Using love instead of brute force . . !


TODAY as the Taliban tries to subdue Afghanistan through brute force I’d like to tell the story of a Tibetan written by Lee Patton that touched my heart: ‘Several years ago in Seattle, Washington, there lived a 52- year-old Tibetan refugee.

“Tenzin,” diagnosed with lymphoma. He was admitted to the hospital and received his first dose of chemotherapy. But during treatment this usually gentle man became extremely angry and upset. The doctors and nurses were baffled.

Then Tenzin’s wife spoke to the hospital staff: She told them that Tenzin had been held as a political prisoner by the Chinese for 17 years! They killed his first wife and repeatedly tortured and brutalized him throughout his imprisonment.

She told them that the hospital rules and regulations, coupled with the chemotherapy treatments, gave Tenzin horrible flashbacks of what he had suffered at the hands of the Chinese.

“I know you mean to help him,” she said, “but he feels tortured by your treatments.

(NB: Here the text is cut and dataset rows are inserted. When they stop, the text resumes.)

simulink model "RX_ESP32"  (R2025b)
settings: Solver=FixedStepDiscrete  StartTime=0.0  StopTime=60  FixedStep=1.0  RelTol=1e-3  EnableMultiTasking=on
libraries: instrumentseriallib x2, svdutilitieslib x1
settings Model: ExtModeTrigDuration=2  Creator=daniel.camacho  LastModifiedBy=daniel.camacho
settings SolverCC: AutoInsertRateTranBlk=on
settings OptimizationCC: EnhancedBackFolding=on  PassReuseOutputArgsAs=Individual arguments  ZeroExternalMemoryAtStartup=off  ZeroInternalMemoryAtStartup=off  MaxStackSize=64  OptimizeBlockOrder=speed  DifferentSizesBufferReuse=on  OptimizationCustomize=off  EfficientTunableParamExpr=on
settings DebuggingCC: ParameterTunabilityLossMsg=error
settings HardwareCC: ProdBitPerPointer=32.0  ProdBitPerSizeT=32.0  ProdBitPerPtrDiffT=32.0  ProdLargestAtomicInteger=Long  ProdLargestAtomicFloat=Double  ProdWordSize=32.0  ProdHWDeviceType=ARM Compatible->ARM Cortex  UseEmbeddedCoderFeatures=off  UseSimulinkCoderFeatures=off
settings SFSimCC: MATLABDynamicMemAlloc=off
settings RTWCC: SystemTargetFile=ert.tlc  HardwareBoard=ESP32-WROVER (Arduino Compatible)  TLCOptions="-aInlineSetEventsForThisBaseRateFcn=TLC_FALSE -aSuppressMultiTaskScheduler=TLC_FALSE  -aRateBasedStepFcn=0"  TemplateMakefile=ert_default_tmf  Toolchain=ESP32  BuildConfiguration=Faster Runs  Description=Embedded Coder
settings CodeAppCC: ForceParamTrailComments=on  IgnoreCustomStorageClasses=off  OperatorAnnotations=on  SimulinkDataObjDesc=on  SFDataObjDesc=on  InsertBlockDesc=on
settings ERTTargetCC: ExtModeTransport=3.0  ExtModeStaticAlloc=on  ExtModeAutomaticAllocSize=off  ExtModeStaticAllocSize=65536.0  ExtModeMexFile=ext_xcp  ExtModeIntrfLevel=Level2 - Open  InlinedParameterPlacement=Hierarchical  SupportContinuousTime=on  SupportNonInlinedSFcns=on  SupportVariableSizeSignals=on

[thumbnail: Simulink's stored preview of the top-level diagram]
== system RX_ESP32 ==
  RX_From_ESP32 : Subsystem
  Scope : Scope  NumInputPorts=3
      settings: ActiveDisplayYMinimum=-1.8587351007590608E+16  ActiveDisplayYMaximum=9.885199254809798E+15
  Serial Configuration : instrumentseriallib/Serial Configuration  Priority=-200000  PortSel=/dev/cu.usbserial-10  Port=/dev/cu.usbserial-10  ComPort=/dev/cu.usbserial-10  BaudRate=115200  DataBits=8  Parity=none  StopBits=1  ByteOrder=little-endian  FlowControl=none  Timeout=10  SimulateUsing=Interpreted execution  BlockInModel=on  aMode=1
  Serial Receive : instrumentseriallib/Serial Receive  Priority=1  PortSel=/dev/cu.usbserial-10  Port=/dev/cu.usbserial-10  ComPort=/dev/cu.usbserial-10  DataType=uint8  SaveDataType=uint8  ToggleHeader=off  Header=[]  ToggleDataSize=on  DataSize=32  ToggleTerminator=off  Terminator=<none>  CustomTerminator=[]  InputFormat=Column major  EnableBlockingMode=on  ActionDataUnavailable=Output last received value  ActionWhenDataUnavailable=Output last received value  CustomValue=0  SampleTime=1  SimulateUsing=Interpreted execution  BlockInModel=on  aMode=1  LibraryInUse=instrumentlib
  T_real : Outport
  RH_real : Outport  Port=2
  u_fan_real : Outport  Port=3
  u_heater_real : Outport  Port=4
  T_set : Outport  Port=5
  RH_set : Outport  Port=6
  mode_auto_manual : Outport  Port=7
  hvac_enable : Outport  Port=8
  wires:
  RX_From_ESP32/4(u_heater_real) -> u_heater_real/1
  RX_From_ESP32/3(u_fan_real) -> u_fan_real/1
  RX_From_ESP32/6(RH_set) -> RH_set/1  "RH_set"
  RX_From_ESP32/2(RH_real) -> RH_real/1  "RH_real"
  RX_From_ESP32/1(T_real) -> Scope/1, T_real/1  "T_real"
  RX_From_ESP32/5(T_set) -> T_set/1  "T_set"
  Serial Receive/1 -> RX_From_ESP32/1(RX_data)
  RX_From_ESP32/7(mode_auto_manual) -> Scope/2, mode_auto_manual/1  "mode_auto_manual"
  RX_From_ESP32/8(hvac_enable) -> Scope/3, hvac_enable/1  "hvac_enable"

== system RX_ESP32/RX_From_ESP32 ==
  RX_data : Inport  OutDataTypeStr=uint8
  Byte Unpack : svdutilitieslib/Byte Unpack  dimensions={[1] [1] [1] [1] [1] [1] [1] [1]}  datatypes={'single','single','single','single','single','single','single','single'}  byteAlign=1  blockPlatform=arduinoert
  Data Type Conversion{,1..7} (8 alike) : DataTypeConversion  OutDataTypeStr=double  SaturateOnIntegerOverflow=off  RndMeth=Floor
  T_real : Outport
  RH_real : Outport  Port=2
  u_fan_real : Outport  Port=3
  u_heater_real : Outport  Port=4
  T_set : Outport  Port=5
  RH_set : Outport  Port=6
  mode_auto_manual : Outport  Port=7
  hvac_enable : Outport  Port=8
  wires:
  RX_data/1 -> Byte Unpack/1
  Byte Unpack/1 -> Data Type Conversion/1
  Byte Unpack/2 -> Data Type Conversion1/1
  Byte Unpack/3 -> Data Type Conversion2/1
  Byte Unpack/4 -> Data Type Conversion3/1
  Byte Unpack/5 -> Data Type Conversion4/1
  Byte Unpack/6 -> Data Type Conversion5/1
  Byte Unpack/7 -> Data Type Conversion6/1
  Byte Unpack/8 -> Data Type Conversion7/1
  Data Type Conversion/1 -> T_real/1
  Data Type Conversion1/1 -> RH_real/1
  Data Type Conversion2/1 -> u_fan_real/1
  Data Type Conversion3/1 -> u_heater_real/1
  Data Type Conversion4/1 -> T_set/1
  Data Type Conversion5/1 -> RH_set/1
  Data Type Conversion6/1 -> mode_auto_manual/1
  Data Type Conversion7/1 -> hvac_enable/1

They are causing him to feel hatred inside – just like he felt toward the Chinese. He needs to be able to pray and cleanse his heart.”

So, the doctors discharged Tenzin and asked the hospice team to visit him in his home. ‘I’ says Lee Patton, “was the hospice nurse assigned to his care. ‘So, how can I help you love again?” Lee asked him. He smiled brightly and said, “I need to sit in the downwind from flowers!”

He told Lee Tibetans sit in the downwind so they can be dusted with the new blossoms’ pollen that floats on the spring breeze. They feel this new pollen is strong medicine.

At first, finding enough blossoms seemed a bit daunting. Then, one of his friends suggested that Tenzin visit some of the local flower nurseries.

The following weekend, Tenzin and his wife visited another nursery. The third weekend, they went to yet another nursery. The fourth week, Lee began to get calls from nurseries inviting Tenzin and his wife to come again.

Pretty soon, the nurseries were competing for Tenzin’s visits. People began to know and care about the Tibetan couple.

At the end of the summer, Tenzin returned to his doctor for another CT scan to determine the extent of the spread of the cancer. But the doctor could find no evidence of cancer at all.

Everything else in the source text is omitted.